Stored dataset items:

····················

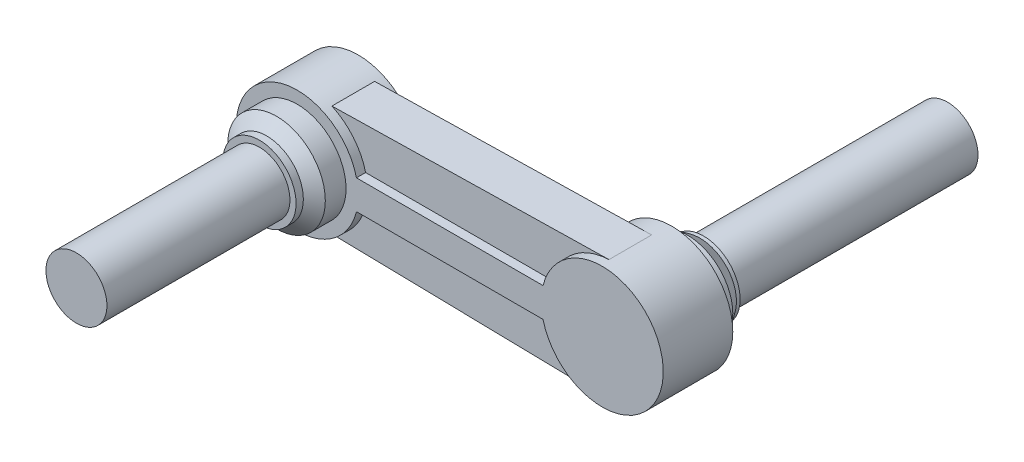
ISO-10303-21;
HEADER;
FILE_DESCRIPTION(('STEP AP214'),'2;1');
FILE_NAME('part.step','',(''),(''),'','','');
FILE_SCHEMA(('AUTOMOTIVE_DESIGN { 1 0 10303 214 1 1 1 1 }'));
ENDSEC;
DATA;
#1=APPLICATION_CONTEXT('core data for automotive mechanical design processes');
#2=APPLICATION_PROTOCOL_DEFINITION('international standard','automotive_design',2000,#1);
#3=PRODUCT_CONTEXT('',#1,'mechanical');
#4=PRODUCT('Part','Part','',(#3));
#5=PRODUCT_RELATED_PRODUCT_CATEGORY('part','',(#4));
#6=PRODUCT_DEFINITION_FORMATION('','',#4);
#7=PRODUCT_DEFINITION_CONTEXT('part definition',#1,'design');
#8=PRODUCT_DEFINITION('design','',#6,#7);
#9=PRODUCT_DEFINITION_SHAPE('','',#8);
#10=(LENGTH_UNIT() NAMED_UNIT(*) SI_UNIT(.MILLI.,.METRE.));
#11=(NAMED_UNIT(*) PLANE_ANGLE_UNIT() SI_UNIT($,.RADIAN.));
#12=(NAMED_UNIT(*) SI_UNIT($,.STERADIAN.) SOLID_ANGLE_UNIT());
#13=UNCERTAINTY_MEASURE_WITH_UNIT(LENGTH_MEASURE(1.E-05),#10,'distance_accuracy_value','');
#14=(GEOMETRIC_REPRESENTATION_CONTEXT(3) GLOBAL_UNCERTAINTY_ASSIGNED_CONTEXT((#13)) GLOBAL_UNIT_ASSIGNED_CONTEXT((#10,
#11,#12)) REPRESENTATION_CONTEXT('',''));
#15=CARTESIAN_POINT('',(0.,0.,0.));
#16=DIRECTION('',(0.,0.,1.));
#17=DIRECTION('',(1.,0.,0.));
#18=AXIS2_PLACEMENT_3D('',#15,#16,#17);
#19=CARTESIAN_POINT('',(-250.,0.,114.));
#20=DIRECTION('',(0.,0.,1.));
#21=DIRECTION('',(1.,0.,0.));
#22=AXIS2_PLACEMENT_3D('',#19,#20,#21);
#23=PLANE('',#22);
#24=CARTESIAN_POINT('',(-250.,0.,114.));
#25=DIRECTION('',(0.,0.,1.));
#26=DIRECTION('',(1.,0.,0.));
#27=AXIS2_PLACEMENT_3D('',#24,#25,#26);
#28=CIRCLE('',#27,30.);
#29=CARTESIAN_POINT('',(-220.,0.,114.));
#30=VERTEX_POINT('',#29);
#31=EDGE_CURVE('E247',#30,#30,#28,.T.);
#32=ORIENTED_EDGE('',*,*,#31,.T.);
#33=EDGE_LOOP('',(#32));
#34=FACE_BOUND('',#33,.T.);
#35=CARTESIAN_POINT('',(-250.,0.,114.));
#36=DIRECTION('',(0.,0.,1.));
#37=DIRECTION('',(1.,0.,0.));
#38=AXIS2_PLACEMENT_3D('',#35,#36,#37);
#39=CIRCLE('',#38,25.);
#40=CARTESIAN_POINT('',(-225.,0.,114.));
#41=VERTEX_POINT('',#40);
#42=EDGE_CURVE('E254',#41,#41,#39,.T.);
#43=ORIENTED_EDGE('',*,*,#42,.F.);
#44=EDGE_LOOP('',(#43));
#45=FACE_BOUND('',#44,.T.);
#46=ADVANCED_FACE('F31',(#34,#45),#23,.T.);
#47=CARTESIAN_POINT('',(0.,0.,83.));
#48=DIRECTION('',(0.,0.,1.));
#49=DIRECTION('',(1.,0.,0.));
#50=AXIS2_PLACEMENT_3D('',#47,#48,#49);
#51=PLANE('',#50);
#52=CARTESIAN_POINT('',(0.,0.,83.));
#53=DIRECTION('',(0.,0.,1.));
#54=DIRECTION('',(1.,0.,0.));
#55=AXIS2_PLACEMENT_3D('',#52,#53,#54);
#56=CIRCLE('',#55,50.);
#57=CARTESIAN_POINT('',(-48.5386443980464,-12.,83.));
#58=VERTEX_POINT('',#57);
#59=CARTESIAN_POINT('',(-48.5386443980464,12.,83.));
#60=VERTEX_POINT('',#59);
#61=EDGE_CURVE('E173',#58,#60,#56,.T.);
#62=ORIENTED_EDGE('',*,*,#61,.T.);
#63=DIRECTION('',(-1.,0.,0.));
#64=VECTOR('',#63,1.);
#65=CARTESIAN_POINT('',(-201.461355601954,12.,83.));
#66=LINE('',#65,#64);
#67=CARTESIAN_POINT('',(-201.461355601954,12.,83.));
#68=VERTEX_POINT('',#67);
#69=EDGE_CURVE('E129',#60,#68,#66,.T.);
#70=ORIENTED_EDGE('',*,*,#69,.T.);
#71=CARTESIAN_POINT('',(-250.,0.,83.));
#72=DIRECTION('',(0.,0.,1.));
#73=DIRECTION('',(1.,0.,0.));
#74=AXIS2_PLACEMENT_3D('',#71,#72,#73);
#75=CIRCLE('',#74,50.);
#76=CARTESIAN_POINT('',(-201.461355601954,-12.,83.));
#77=VERTEX_POINT('',#76);
#78=EDGE_CURVE('E130',#68,#77,#75,.T.);
#79=ORIENTED_EDGE('',*,*,#78,.T.);
#80=DIRECTION('',(1.,0.,0.));
#81=VECTOR('',#80,1.);
#82=CARTESIAN_POINT('',(-201.461355601954,-12.,83.));
#83=LINE('',#82,#81);
#84=EDGE_CURVE('E120',#77,#58,#83,.T.);
#85=ORIENTED_EDGE('',*,*,#84,.T.);
#86=EDGE_LOOP('',(#62,#70,#79,#85));
#87=FACE_BOUND('',#86,.T.);
#88=CARTESIAN_POINT('',(-250.,0.,83.));
#89=DIRECTION('',(0.,0.,1.));
#90=DIRECTION('',(1.,0.,0.));
#91=AXIS2_PLACEMENT_3D('',#88,#89,#90);
#92=CIRCLE('',#91,40.);
#93=CARTESIAN_POINT('',(-210.,0.,83.));
#94=VERTEX_POINT('',#93);
#95=EDGE_CURVE('E240',#94,#94,#92,.T.);
#96=ORIENTED_EDGE('',*,*,#95,.F.);
#97=EDGE_LOOP('',(#96));
#98=FACE_BOUND('',#97,.T.);
#99=ADVANCED_FACE('F133',(#87,#98),#51,.T.);
#100=CARTESIAN_POINT('',(0.,0.,83.));
#101=DIRECTION('',(0.,0.,-1.));
#102=DIRECTION('',(-1.,0.,0.));
#103=AXIS2_PLACEMENT_3D('',#100,#101,#102);
#104=CYLINDRICAL_SURFACE('',#103,50.);
#105=CARTESIAN_POINT('',(0.,0.,26.));
#106=DIRECTION('',(0.,0.,1.));
#107=DIRECTION('',(1.,0.,0.));
#108=AXIS2_PLACEMENT_3D('',#105,#106,#107);
#109=CIRCLE('',#108,50.);
#110=CARTESIAN_POINT('',(50.,0.,26.));
#111=VERTEX_POINT('',#110);
#112=EDGE_CURVE('E198',#111,#111,#109,.T.);
#113=ORIENTED_EDGE('',*,*,#112,.T.);
#114=EDGE_LOOP('',(#113));
#115=FACE_BOUND('',#114,.T.);
#116=DIRECTION('',(0.,0.,-1.));
#117=VECTOR('',#116,1.);
#118=CARTESIAN_POINT('',(-48.5386443980464,-12.,83.));
#119=LINE('',#118,#117);
#120=CARTESIAN_POINT('',(-48.5386443980464,-12.,75.5));
#121=VERTEX_POINT('',#120);
#122=EDGE_CURVE('E126',#121,#58,#119,.F.);
#123=ORIENTED_EDGE('',*,*,#122,.F.);
#124=CARTESIAN_POINT('',(0.,0.,75.5));
#125=DIRECTION('',(0.,0.,1.));
#126=DIRECTION('',(1.,0.,0.));
#127=AXIS2_PLACEMENT_3D('',#124,#125,#126);
#128=CIRCLE('',#127,50.);
#129=CARTESIAN_POINT('',(-1.99920031987218,-49.9600159936026,75.5));
#130=VERTEX_POINT('',#129);
#131=EDGE_CURVE('E209',#121,#130,#128,.T.);
#132=ORIENTED_EDGE('',*,*,#131,.T.);
#133=DIRECTION('',(0.,0.,-1.));
#134=VECTOR('',#133,1.);
#135=CARTESIAN_POINT('',(-1.99920031987218,-49.9600159936026,83.));
#136=LINE('',#135,#134);
#137=CARTESIAN_POINT('',(-1.9992003198724,-49.9600159936025,40.5));
#138=VERTEX_POINT('',#137);
#139=EDGE_CURVE('E212',#130,#138,#136,.T.);
#140=ORIENTED_EDGE('',*,*,#139,.T.);
#141=CARTESIAN_POINT('',(0.,0.,40.5));
#142=DIRECTION('',(0.,0.,1.));
#143=DIRECTION('',(1.,0.,0.));
#144=AXIS2_PLACEMENT_3D('',#141,#142,#143);
#145=CIRCLE('',#144,50.);
#146=CARTESIAN_POINT('',(-48.5386443980464,-12.,40.5));
#147=VERTEX_POINT('',#146);
#148=EDGE_CURVE('E201',#147,#138,#145,.T.);
#149=ORIENTED_EDGE('',*,*,#148,.F.);
#150=CARTESIAN_POINT('',(-48.5386443980464,-12.,33.));
#151=VERTEX_POINT('',#150);
#152=EDGE_CURVE('E46',#151,#147,#119,.F.);
#153=ORIENTED_EDGE('',*,*,#152,.F.);
#154=CARTESIAN_POINT('',(0.,0.,33.));
#155=DIRECTION('',(0.,0.,1.));
#156=DIRECTION('',(1.,0.,0.));
#157=AXIS2_PLACEMENT_3D('',#154,#155,#156);
#158=CIRCLE('',#157,50.);
#159=CARTESIAN_POINT('',(-48.5386443980464,12.,33.));
#160=VERTEX_POINT('',#159);
#161=EDGE_CURVE('E39',#160,#151,#158,.T.);
#162=ORIENTED_EDGE('',*,*,#161,.F.);
#163=DIRECTION('',(0.,0.,-1.));
#164=VECTOR('',#163,1.);
#165=CARTESIAN_POINT('',(-48.5386443980464,12.,83.));
#166=LINE('',#165,#164);
#167=CARTESIAN_POINT('',(-48.5386443980464,12.,40.5));
#168=VERTEX_POINT('',#167);
#169=EDGE_CURVE('E145',#168,#160,#166,.T.);
#170=ORIENTED_EDGE('',*,*,#169,.F.);
#171=CARTESIAN_POINT('',(-1.99920031987414,49.9600159936025,40.5));
#172=VERTEX_POINT('',#171);
#173=EDGE_CURVE('E202',#172,#168,#145,.T.);
#174=ORIENTED_EDGE('',*,*,#173,.F.);
#175=DIRECTION('',(0.,0.,-1.));
#176=VECTOR('',#175,1.);
#177=CARTESIAN_POINT('',(-1.99920031987393,49.9600159936025,83.));
#178=LINE('',#177,#176);
#179=CARTESIAN_POINT('',(-1.99920031987393,49.9600159936025,75.5));
#180=VERTEX_POINT('',#179);
#181=EDGE_CURVE('E204',#180,#172,#178,.T.);
#182=ORIENTED_EDGE('',*,*,#181,.F.);
#183=CARTESIAN_POINT('',(-48.5386443980464,12.,75.5));
#184=VERTEX_POINT('',#183);
#185=EDGE_CURVE('E205',#180,#184,#128,.T.);
#186=ORIENTED_EDGE('',*,*,#185,.T.);
#187=EDGE_CURVE('E150',#60,#184,#166,.T.);
#188=ORIENTED_EDGE('',*,*,#187,.F.);
#189=ORIENTED_EDGE('',*,*,#61,.F.);
#190=EDGE_LOOP('',(#123,#132,#140,#149,#153,#162,#170,#174,#182,#186,#188,#189));
#191=FACE_BOUND('',#190,.T.);
#192=ADVANCED_FACE('F274',(#115,#191),#104,.T.);
#193=CARTESIAN_POINT('',(-117.862178278423,-47.6427564344316,75.5));
#194=DIRECTION('',(-0.0199960011996,-0.999800059980007,0.));
#195=DIRECTION('',(0.999800059980007,-0.0199960011996,0.));
#196=AXIS2_PLACEMENT_3D('',#193,#194,#195);
#197=PLANE('',#196);
#198=DIRECTION('',(-0.999800059980007,0.0199960011996,0.));
#199=VECTOR('',#198,1.);
#200=CARTESIAN_POINT('',(-117.862178278423,-47.6427564344316,75.5));
#201=LINE('',#200,#199);
#202=CARTESIAN_POINT('',(-229.090939394971,-45.4181812121006,75.5));
#203=VERTEX_POINT('',#202);
#204=EDGE_CURVE('E166',#130,#203,#201,.T.);
#205=ORIENTED_EDGE('',*,*,#204,.T.);
#206=DIRECTION('',(0.,0.,-1.));
#207=VECTOR('',#206,1.);
#208=CARTESIAN_POINT('',(-229.090939394971,-45.4181812121006,83.));
#209=LINE('',#208,#207);
#210=CARTESIAN_POINT('',(-229.090939394971,-45.4181812121006,40.5));
#211=VERTEX_POINT('',#210);
#212=EDGE_CURVE('E164',#203,#211,#209,.T.);
#213=ORIENTED_EDGE('',*,*,#212,.T.);
#214=DIRECTION('',(-0.999800059980007,0.0199960011996,0.));
#215=VECTOR('',#214,1.);
#216=CARTESIAN_POINT('',(-117.862178278423,-47.6427564344316,40.5));
#217=LINE('',#216,#215);
#218=EDGE_CURVE('E174',#138,#211,#217,.T.);
#219=ORIENTED_EDGE('',*,*,#218,.F.);
#220=ORIENTED_EDGE('',*,*,#139,.F.);
#221=EDGE_LOOP('',(#205,#213,#219,#220));
#222=FACE_BOUND('',#221,.T.);
#223=ADVANCED_FACE('F310',(#222),#197,.T.);
#224=CARTESIAN_POINT('',(-129.039061225775,47.4192187754844,75.5));
#225=DIRECTION('',(0.0199960011996003,-0.999800059980007,0.));
#226=DIRECTION('',(0.999800059980007,0.0199960011996003,0.));
#227=AXIS2_PLACEMENT_3D('',#224,#225,#226);
#228=PLANE('',#227);
#229=DIRECTION('',(0.,0.,-1.));
#230=VECTOR('',#229,1.);
#231=CARTESIAN_POINT('',(-229.090939394971,45.4181812121005,83.));
#232=LINE('',#231,#230);
#233=CARTESIAN_POINT('',(-229.090939394971,45.4181812121005,75.5));
#234=VERTEX_POINT('',#233);
#235=CARTESIAN_POINT('',(-229.090939394971,45.4181812121005,40.5));
#236=VERTEX_POINT('',#235);
#237=EDGE_CURVE('E159',#234,#236,#232,.T.);
#238=ORIENTED_EDGE('',*,*,#237,.F.);
#239=DIRECTION('',(-0.999800059980007,-0.0199960011996003,0.));
#240=VECTOR('',#239,1.);
#241=CARTESIAN_POINT('',(-129.039061225775,47.4192187754844,75.5));
#242=LINE('',#241,#240);
#243=EDGE_CURVE('E169',#180,#234,#242,.T.);
#244=ORIENTED_EDGE('',*,*,#243,.F.);
#245=ORIENTED_EDGE('',*,*,#181,.T.);
#246=DIRECTION('',(-0.999800059980007,-0.0199960011996003,0.));
#247=VECTOR('',#246,1.);
#248=CARTESIAN_POINT('',(-129.039061225775,47.4192187754844,40.5));
#249=LINE('',#248,#247);
#250=EDGE_CURVE('E170',#172,#236,#249,.T.);
#251=ORIENTED_EDGE('',*,*,#250,.T.);
#252=EDGE_LOOP('',(#238,#244,#245,#251));
#253=FACE_BOUND('',#252,.T.);
#254=ADVANCED_FACE('F303',(#253),#228,.F.);
#255=CARTESIAN_POINT('',(-122.5,-279.53384251329,75.5));
#256=DIRECTION('',(0.,0.,1.));
#257=DIRECTION('',(1.,0.,0.));
#258=AXIS2_PLACEMENT_3D('',#255,#256,#257);
#259=PLANE('',#258);
#260=DIRECTION('',(-1.,0.,0.));
#261=VECTOR('',#260,1.);
#262=CARTESIAN_POINT('',(-122.5,-12.,75.5));
#263=LINE('',#262,#261);
#264=CARTESIAN_POINT('',(-201.461355601954,-12.,75.5));
#265=VERTEX_POINT('',#264);
#266=EDGE_CURVE('E157',#121,#265,#263,.T.);
#267=ORIENTED_EDGE('',*,*,#266,.T.);
#268=CARTESIAN_POINT('',(-250.,0.,75.5));
#269=DIRECTION('',(0.,0.,1.));
#270=DIRECTION('',(1.,0.,0.));
#271=AXIS2_PLACEMENT_3D('',#268,#269,#270);
#272=CIRCLE('',#271,50.);
#273=EDGE_CURVE('E144',#265,#203,#272,.F.);
#274=ORIENTED_EDGE('',*,*,#273,.T.);
#275=ORIENTED_EDGE('',*,*,#204,.F.);
#276=ORIENTED_EDGE('',*,*,#131,.F.);
#277=EDGE_LOOP('',(#267,#274,#275,#276));
#278=FACE_BOUND('',#277,.T.);
#279=ADVANCED_FACE('F299',(#278),#259,.T.);
#280=ORIENTED_EDGE('',*,*,#243,.T.);
#281=CARTESIAN_POINT('',(-201.461355601954,12.,75.5));
#282=VERTEX_POINT('',#281);
#283=EDGE_CURVE('E162',#234,#282,#272,.F.);
#284=ORIENTED_EDGE('',*,*,#283,.T.);
#285=DIRECTION('',(1.,0.,0.));
#286=VECTOR('',#285,1.);
#287=CARTESIAN_POINT('',(-122.5,12.,75.5));
#288=LINE('',#287,#286);
#289=EDGE_CURVE('E148',#282,#184,#288,.T.);
#290=ORIENTED_EDGE('',*,*,#289,.T.);
#291=ORIENTED_EDGE('',*,*,#185,.F.);
#292=EDGE_LOOP('',(#280,#284,#290,#291));
#293=FACE_BOUND('',#292,.T.);
#294=ADVANCED_FACE('F302',(#293),#259,.T.);
#295=CARTESIAN_POINT('',(-122.5,-279.53384251329,40.5));
#296=DIRECTION('',(0.,0.,1.));
#297=DIRECTION('',(1.,0.,0.));
#298=AXIS2_PLACEMENT_3D('',#295,#296,#297);
#299=PLANE('',#298);
#300=CARTESIAN_POINT('',(-250.,0.,40.5));
#301=DIRECTION('',(0.,0.,1.));
#302=DIRECTION('',(1.,0.,0.));
#303=AXIS2_PLACEMENT_3D('',#300,#301,#302);
#304=CIRCLE('',#303,50.);
#305=CARTESIAN_POINT('',(-201.461355601954,-12.,40.5));
#306=VERTEX_POINT('',#305);
#307=EDGE_CURVE('E221',#306,#211,#304,.F.);
#308=ORIENTED_EDGE('',*,*,#307,.F.);
#309=DIRECTION('',(-1.,0.,0.));
#310=VECTOR('',#309,1.);
#311=CARTESIAN_POINT('',(-122.5,-12.,40.5));
#312=LINE('',#311,#310);
#313=EDGE_CURVE('E220',#147,#306,#312,.T.);
#314=ORIENTED_EDGE('',*,*,#313,.F.);
#315=ORIENTED_EDGE('',*,*,#148,.T.);
#316=ORIENTED_EDGE('',*,*,#218,.T.);
#317=EDGE_LOOP('',(#308,#314,#315,#316));
#318=FACE_BOUND('',#317,.T.);
#319=ADVANCED_FACE('F231',(#318),#299,.F.);
#320=CARTESIAN_POINT('',(-201.461355601954,12.,40.5));
#321=VERTEX_POINT('',#320);
#322=EDGE_CURVE('E217',#236,#321,#304,.F.);
#323=ORIENTED_EDGE('',*,*,#322,.F.);
#324=ORIENTED_EDGE('',*,*,#250,.F.);
#325=ORIENTED_EDGE('',*,*,#173,.T.);
#326=DIRECTION('',(1.,0.,0.));
#327=VECTOR('',#326,1.);
#328=CARTESIAN_POINT('',(-122.5,12.,40.5));
#329=LINE('',#328,#327);
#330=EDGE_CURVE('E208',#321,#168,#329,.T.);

····················

## WHAT YOU SHOULD DO
What are the lines, exactly as written above, from the line with "#35=CARTESIAN_POINT('',(-250.,0.,114.));" to the line with "#53=DIRECTION('',(0.,0.,1.));", both included? Output only those.

## OUTPUT OF THE TASK
#35=CARTESIAN_POINT('',(-250.,0.,114.));
#36=DIRECTION('',(0.,0.,1.));
#37=DIRECTION('',(1.,0.,0.));
#38=AXIS2_PLACEMENT_3D('',#35,#36,#37);
#39=CIRCLE('',#38,25.);
#40=CARTESIAN_POINT('',(-225.,0.,114.));
#41=VERTEX_POINT('',#40);
#42=EDGE_CURVE('E254',#41,#41,#39,.T.);
#43=ORIENTED_EDGE('',*,*,#42,.F.);
#44=EDGE_LOOP('',(#43));
#45=FACE_BOUND('',#44,.T.);
#46=ADVANCED_FACE('F31',(#34,#45),#23,.T.);
#47=CARTESIAN_POINT('',(0.,0.,83.));
#48=DIRECTION('',(0.,0.,1.));
#49=DIRECTION('',(1.,0.,0.));
#50=AXIS2_PLACEMENT_3D('',#47,#48,#49);
#51=PLANE('',#50);
#52=CARTESIAN_POINT('',(0.,0.,83.));
#53=DIRECTION('',(0.,0.,1.));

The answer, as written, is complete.